Now he’s trolling for validation. He spent $14.95 on some paperback rag Dr. Oz recommended and now he wants to quell that nagging doubt that’s telling him he wasted his money.

Frustration is looming and his voice raises an octave.

His cadence quickens and I smile. I’m prepping an inquisition. It needs to be dismissive, truly a less direct and more fun way of saying “I listened and still didn’t take anything you said seriously.”

Sure, he can say this lecture came from a place of concern, concern over my health and Hot Pocket fetish.
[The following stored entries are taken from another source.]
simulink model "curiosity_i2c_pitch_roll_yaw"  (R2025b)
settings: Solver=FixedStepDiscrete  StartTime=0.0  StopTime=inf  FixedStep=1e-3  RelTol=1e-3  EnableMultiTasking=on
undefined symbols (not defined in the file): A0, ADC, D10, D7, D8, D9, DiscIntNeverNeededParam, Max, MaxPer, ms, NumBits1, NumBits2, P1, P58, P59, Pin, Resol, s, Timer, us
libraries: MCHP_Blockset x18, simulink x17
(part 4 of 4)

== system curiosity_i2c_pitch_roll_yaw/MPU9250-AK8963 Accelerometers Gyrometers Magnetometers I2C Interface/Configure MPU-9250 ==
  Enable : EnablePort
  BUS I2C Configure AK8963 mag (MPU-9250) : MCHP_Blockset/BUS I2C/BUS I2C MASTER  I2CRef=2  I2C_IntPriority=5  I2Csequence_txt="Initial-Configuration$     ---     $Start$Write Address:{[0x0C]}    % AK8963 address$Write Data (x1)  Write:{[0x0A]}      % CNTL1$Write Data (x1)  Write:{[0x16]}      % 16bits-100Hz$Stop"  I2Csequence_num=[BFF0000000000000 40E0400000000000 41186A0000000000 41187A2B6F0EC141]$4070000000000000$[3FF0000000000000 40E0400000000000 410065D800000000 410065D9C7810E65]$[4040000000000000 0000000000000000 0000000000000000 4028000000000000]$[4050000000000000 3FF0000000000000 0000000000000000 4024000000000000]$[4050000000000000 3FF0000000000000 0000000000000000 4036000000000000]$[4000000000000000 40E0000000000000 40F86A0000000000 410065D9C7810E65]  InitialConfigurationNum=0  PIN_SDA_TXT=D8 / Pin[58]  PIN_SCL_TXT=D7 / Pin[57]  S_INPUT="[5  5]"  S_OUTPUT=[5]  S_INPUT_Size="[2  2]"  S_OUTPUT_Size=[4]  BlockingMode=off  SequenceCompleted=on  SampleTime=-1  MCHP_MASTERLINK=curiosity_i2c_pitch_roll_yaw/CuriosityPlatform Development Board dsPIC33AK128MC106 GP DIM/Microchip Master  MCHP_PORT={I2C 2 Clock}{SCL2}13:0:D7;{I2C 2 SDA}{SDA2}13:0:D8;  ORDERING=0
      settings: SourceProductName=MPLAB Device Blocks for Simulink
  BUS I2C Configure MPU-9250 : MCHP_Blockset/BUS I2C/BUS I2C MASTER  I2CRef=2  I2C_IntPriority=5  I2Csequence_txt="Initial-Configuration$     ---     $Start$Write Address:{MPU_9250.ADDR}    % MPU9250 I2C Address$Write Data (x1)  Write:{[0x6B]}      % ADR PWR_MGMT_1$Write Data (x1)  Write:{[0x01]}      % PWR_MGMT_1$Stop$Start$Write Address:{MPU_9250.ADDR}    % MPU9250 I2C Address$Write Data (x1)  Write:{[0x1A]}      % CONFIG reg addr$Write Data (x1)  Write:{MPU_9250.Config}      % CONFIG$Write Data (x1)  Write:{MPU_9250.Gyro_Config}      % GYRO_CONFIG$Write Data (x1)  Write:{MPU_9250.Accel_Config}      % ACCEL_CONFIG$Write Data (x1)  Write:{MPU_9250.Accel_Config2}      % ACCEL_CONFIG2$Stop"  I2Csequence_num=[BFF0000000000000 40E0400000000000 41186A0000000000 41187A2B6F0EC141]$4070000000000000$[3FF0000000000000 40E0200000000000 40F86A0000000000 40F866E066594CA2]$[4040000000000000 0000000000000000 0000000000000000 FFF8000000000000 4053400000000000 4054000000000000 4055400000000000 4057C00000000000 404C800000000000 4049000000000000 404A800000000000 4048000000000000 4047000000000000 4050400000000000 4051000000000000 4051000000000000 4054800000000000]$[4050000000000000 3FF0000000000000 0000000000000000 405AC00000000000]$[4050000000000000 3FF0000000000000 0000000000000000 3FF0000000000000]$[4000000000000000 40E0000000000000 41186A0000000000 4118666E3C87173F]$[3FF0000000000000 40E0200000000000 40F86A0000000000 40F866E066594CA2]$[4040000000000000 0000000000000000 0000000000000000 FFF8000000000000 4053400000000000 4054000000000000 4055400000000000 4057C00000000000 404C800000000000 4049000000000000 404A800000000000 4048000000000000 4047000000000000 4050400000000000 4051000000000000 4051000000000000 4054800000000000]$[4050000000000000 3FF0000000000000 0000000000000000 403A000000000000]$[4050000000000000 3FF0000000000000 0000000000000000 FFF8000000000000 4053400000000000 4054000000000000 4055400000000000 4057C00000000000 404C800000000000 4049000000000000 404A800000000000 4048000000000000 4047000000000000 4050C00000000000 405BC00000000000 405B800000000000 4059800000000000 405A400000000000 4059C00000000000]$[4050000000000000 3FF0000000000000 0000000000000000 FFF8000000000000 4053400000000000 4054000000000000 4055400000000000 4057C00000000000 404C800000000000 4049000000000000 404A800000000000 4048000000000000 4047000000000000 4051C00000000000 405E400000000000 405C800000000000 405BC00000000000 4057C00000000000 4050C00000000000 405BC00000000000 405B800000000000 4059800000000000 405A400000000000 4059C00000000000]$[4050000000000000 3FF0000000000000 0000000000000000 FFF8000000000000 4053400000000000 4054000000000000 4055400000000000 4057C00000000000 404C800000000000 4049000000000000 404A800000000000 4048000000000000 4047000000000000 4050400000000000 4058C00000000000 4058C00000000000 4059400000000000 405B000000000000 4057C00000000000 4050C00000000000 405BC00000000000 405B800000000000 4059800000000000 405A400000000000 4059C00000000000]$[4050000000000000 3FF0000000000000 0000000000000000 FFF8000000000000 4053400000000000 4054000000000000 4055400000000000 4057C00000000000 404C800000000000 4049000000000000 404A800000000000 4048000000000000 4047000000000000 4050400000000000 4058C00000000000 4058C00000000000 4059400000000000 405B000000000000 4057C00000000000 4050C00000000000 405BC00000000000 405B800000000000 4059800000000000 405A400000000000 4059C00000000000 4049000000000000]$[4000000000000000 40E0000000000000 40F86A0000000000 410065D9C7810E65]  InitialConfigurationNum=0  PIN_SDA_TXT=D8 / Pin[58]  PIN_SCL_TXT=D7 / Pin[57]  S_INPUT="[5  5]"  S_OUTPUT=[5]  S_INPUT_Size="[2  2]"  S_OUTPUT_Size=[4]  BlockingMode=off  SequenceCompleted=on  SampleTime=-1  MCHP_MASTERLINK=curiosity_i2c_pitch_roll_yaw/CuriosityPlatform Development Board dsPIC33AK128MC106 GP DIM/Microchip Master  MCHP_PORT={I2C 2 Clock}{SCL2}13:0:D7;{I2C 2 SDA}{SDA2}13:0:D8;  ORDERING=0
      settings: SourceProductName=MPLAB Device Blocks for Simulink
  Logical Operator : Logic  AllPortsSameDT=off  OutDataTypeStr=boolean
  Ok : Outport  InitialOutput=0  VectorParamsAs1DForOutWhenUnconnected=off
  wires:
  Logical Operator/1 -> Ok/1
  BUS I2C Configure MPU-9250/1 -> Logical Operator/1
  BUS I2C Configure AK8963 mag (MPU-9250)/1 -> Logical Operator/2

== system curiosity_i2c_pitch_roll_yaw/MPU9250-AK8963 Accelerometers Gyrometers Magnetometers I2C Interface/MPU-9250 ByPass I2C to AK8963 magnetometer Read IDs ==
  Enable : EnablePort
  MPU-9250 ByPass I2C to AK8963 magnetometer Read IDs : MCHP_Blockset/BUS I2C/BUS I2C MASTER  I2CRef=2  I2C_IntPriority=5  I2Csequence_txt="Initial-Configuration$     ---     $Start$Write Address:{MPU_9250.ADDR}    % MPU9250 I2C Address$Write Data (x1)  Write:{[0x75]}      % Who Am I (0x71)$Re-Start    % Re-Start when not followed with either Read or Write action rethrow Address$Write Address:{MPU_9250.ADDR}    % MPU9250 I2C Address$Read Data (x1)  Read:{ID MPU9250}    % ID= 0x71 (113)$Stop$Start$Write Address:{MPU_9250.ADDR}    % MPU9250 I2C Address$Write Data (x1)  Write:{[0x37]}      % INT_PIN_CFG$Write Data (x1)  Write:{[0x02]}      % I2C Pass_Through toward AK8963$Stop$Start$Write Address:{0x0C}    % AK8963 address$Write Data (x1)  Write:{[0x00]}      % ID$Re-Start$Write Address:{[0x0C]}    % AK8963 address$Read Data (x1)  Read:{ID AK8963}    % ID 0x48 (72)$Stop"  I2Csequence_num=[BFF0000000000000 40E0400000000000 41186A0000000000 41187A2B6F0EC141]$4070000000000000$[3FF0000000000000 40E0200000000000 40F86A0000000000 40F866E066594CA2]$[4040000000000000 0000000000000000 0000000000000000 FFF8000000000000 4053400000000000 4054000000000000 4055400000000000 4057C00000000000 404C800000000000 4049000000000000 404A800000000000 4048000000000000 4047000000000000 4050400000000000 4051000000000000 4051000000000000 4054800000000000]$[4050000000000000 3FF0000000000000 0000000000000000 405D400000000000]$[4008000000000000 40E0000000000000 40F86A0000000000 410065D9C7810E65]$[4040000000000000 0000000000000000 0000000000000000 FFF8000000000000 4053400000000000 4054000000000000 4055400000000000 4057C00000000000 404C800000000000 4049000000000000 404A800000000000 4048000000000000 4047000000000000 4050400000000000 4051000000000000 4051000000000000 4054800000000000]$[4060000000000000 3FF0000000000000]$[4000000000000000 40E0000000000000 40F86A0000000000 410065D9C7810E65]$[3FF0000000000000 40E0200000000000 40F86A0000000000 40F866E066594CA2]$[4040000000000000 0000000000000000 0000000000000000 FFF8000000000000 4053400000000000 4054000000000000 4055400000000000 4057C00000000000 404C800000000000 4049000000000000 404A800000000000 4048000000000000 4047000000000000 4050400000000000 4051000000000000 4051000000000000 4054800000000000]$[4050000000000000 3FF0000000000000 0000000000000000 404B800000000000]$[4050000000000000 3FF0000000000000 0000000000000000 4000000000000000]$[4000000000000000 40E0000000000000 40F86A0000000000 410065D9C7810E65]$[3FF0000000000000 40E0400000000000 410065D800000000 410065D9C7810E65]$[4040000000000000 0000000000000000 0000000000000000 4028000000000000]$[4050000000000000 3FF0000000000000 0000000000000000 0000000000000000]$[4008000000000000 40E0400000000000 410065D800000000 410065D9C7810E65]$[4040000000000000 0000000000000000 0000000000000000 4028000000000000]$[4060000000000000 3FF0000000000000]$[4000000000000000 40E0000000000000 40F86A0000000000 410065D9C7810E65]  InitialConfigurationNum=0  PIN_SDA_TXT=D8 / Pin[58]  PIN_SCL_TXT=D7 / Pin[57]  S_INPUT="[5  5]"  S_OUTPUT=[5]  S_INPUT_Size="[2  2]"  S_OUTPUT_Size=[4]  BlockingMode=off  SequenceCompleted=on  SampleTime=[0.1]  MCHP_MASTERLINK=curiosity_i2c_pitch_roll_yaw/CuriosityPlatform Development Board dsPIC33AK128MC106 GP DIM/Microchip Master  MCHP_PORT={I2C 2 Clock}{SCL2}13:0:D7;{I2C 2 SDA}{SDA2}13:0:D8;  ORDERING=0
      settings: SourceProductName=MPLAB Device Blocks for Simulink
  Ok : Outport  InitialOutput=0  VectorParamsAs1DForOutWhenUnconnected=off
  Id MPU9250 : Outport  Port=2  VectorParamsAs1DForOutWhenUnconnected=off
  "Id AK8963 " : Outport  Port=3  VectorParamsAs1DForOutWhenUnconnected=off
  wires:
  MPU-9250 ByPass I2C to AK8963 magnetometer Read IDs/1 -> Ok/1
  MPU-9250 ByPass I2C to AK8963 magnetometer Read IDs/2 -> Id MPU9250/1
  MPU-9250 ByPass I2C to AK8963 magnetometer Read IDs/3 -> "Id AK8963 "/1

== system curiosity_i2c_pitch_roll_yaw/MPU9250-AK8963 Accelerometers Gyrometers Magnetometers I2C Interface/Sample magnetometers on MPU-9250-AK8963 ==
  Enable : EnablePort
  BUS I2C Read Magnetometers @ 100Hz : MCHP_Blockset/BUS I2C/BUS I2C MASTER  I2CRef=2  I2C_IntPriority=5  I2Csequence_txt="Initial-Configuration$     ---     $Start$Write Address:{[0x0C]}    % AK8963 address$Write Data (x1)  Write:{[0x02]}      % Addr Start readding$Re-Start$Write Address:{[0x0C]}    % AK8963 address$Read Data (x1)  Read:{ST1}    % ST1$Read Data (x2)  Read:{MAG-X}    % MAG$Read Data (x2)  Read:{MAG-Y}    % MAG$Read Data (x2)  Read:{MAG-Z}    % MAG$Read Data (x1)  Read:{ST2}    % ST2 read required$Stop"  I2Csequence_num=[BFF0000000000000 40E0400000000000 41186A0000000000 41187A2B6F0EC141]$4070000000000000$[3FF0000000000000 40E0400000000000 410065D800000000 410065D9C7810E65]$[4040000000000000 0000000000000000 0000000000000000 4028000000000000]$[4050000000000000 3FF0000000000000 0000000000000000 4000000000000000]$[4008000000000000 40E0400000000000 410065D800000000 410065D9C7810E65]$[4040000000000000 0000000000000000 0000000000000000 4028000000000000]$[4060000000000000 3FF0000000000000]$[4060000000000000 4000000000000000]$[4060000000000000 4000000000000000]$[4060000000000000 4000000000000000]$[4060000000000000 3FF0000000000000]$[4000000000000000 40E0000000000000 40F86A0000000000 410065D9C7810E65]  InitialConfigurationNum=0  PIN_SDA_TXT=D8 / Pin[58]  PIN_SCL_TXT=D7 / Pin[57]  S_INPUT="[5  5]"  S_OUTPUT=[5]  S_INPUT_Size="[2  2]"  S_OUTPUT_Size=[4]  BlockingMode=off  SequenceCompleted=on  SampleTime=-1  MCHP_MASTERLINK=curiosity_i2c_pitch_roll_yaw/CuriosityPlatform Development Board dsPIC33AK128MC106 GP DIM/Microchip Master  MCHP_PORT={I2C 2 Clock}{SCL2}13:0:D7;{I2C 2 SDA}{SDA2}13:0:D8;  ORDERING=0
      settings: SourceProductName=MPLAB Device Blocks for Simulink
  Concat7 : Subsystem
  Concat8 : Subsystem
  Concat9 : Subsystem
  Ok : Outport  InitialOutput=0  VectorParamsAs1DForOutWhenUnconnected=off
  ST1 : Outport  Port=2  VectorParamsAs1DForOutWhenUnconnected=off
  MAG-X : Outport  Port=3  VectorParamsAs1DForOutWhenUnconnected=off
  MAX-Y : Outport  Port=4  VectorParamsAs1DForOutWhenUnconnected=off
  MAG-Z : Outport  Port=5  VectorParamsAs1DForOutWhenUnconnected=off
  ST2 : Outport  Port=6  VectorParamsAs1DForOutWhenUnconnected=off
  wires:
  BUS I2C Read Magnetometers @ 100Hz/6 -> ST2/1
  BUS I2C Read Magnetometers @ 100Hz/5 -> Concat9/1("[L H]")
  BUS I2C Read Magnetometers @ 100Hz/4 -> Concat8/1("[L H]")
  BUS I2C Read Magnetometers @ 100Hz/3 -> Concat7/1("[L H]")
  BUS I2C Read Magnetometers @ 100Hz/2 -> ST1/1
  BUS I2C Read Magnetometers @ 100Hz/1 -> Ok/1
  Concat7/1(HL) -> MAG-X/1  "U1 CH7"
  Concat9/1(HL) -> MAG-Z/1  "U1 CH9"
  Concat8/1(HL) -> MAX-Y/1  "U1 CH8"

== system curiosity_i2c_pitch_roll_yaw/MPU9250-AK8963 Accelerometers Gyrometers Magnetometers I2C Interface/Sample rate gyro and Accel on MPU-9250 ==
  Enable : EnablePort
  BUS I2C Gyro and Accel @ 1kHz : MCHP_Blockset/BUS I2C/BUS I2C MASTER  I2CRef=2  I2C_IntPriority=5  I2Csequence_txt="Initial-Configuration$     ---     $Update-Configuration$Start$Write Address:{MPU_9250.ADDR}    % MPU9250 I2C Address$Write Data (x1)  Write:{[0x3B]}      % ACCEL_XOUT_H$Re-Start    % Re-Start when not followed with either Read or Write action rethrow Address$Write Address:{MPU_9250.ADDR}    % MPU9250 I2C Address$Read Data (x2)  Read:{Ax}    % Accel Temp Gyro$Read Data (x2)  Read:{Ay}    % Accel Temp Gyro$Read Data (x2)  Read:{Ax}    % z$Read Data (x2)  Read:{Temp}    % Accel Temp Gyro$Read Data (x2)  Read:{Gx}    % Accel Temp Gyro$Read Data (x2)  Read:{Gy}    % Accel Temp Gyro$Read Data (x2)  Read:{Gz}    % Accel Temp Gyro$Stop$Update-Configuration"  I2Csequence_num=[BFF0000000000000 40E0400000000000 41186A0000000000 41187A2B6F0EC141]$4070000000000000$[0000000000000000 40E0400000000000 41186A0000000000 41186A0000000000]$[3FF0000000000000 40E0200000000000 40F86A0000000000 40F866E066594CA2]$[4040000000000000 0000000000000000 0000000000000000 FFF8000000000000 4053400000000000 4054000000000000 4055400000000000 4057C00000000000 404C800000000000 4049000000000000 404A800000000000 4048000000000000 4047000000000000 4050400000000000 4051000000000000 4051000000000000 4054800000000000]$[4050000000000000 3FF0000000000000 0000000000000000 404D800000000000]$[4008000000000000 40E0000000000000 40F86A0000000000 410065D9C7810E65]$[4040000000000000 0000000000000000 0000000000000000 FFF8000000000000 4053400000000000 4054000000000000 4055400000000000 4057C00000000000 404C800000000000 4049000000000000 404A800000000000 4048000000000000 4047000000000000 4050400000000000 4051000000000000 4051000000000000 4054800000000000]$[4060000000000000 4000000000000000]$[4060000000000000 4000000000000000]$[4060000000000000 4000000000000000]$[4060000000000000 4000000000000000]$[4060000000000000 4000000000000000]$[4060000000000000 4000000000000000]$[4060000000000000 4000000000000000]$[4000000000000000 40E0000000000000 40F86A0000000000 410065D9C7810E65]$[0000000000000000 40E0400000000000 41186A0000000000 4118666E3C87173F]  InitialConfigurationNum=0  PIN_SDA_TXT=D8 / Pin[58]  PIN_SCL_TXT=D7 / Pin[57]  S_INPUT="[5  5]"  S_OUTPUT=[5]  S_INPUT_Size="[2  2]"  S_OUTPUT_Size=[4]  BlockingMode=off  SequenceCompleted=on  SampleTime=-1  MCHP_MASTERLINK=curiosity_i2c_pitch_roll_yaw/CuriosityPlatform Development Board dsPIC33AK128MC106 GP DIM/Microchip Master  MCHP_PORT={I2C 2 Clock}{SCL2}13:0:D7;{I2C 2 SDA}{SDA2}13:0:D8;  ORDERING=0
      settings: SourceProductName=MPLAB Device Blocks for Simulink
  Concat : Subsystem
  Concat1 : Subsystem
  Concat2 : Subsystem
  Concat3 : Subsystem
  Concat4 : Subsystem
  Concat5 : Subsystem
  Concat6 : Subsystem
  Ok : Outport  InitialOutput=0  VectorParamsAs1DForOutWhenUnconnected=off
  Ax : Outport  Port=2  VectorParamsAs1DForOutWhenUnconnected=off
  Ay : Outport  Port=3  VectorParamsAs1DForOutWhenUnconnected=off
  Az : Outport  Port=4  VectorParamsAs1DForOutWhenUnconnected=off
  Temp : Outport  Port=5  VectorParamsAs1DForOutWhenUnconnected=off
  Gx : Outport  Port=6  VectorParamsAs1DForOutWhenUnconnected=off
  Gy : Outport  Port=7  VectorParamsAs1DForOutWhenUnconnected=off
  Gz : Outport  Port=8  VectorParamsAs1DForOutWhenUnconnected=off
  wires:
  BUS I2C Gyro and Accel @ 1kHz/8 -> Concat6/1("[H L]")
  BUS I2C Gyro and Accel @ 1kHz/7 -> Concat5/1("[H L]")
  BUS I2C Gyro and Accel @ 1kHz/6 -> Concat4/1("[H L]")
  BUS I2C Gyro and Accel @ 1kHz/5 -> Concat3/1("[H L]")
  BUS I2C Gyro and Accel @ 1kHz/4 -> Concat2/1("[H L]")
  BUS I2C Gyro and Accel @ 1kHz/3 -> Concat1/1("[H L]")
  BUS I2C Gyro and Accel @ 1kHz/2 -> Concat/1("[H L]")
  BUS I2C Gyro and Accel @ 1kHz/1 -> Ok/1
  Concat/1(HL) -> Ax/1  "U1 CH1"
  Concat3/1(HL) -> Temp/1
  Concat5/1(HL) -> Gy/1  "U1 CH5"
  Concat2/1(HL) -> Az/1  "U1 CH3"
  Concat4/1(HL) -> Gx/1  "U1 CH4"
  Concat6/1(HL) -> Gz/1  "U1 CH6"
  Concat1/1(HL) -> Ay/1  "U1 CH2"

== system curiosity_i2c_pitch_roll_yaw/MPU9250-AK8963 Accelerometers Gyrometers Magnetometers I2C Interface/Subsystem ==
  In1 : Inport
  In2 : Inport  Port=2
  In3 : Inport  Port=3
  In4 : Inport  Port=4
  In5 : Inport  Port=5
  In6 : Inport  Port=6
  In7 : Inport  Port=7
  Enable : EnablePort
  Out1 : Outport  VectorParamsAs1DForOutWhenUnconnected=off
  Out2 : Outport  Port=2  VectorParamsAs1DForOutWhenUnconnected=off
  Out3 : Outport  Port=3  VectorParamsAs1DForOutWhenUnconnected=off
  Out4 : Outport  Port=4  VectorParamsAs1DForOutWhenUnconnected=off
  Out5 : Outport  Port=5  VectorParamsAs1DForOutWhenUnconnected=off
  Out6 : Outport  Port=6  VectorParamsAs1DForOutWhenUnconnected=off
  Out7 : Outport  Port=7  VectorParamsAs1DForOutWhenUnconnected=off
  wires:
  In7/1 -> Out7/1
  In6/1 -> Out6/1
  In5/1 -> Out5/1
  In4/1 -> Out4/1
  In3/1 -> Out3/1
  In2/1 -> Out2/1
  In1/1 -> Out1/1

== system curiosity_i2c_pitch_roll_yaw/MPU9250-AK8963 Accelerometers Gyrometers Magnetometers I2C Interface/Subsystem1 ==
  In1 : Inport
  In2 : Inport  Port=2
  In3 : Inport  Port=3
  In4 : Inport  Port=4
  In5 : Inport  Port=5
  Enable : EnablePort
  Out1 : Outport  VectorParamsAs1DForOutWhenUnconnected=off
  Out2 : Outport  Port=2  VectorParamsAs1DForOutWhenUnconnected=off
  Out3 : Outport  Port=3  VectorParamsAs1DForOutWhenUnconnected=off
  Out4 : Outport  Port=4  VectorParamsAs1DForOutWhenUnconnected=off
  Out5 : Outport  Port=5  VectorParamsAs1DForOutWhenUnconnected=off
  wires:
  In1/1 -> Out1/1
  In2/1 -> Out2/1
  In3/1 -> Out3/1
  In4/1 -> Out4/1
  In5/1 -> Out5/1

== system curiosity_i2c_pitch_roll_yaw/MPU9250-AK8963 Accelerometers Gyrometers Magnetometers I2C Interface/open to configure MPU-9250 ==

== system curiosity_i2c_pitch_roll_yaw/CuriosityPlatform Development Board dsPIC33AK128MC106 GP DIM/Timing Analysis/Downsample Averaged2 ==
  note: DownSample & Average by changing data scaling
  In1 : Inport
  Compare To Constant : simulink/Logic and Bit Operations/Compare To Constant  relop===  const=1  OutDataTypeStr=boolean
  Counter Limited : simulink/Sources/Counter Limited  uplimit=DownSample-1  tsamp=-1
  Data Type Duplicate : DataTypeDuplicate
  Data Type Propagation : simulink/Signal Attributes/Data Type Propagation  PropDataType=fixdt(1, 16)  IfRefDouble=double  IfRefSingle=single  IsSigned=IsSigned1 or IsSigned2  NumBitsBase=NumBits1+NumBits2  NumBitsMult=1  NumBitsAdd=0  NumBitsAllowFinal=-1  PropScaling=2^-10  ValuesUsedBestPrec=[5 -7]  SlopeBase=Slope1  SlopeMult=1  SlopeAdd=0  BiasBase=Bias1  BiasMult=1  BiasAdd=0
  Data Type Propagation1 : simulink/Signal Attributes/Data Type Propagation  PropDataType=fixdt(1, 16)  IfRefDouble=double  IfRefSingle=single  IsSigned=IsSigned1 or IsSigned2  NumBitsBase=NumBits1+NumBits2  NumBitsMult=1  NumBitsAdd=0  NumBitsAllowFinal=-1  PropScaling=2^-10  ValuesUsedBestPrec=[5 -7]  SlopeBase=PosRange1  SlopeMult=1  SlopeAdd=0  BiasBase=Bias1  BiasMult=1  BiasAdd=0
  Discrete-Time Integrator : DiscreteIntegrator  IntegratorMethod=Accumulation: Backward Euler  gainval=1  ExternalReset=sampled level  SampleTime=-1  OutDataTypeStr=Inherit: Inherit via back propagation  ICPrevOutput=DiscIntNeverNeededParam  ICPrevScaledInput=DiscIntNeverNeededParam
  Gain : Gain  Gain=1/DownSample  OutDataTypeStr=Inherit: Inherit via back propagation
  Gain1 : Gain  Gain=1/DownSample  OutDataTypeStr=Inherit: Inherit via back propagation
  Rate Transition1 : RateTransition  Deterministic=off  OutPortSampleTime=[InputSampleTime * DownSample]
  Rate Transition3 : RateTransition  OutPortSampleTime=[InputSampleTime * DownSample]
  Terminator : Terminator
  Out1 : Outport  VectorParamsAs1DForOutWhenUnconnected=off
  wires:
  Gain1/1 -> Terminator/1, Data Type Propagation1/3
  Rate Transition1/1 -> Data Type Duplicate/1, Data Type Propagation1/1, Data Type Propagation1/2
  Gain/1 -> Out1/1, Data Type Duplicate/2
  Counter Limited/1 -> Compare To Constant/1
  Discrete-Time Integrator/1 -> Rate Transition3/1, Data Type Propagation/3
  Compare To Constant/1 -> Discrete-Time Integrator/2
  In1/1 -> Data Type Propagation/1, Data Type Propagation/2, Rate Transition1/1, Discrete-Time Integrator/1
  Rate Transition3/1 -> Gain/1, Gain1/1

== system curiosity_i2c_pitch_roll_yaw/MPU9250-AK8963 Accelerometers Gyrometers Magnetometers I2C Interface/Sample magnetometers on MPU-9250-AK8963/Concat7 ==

Deep down we both know this was merely a way for him to assert that he’s more conscientious and therefore better than the rest of us.

That can work.

Asking if this diet will mean that I can only orgasm in natural light, that’ll play too.

Or I’ll inquire if my voting Third Party in one of the last three elections disqualifies me from participating.

Something about ISIS, maybe.

Yeah, I think we’ll be good.

“Um, sorry, I don’t mean to interrupt, but to do this diet do I have to be racist?”

It’s like an interception. We’re all running the other way now.

The entire conversation’s pivoted away from his fad diet and has moved on to him defending himself on why he’s only thrown up on black police horses and during Octavia Spencer’s Oscar acceptance.

P.S. Don’t talk about your fad diet. No one fucking cares. No one.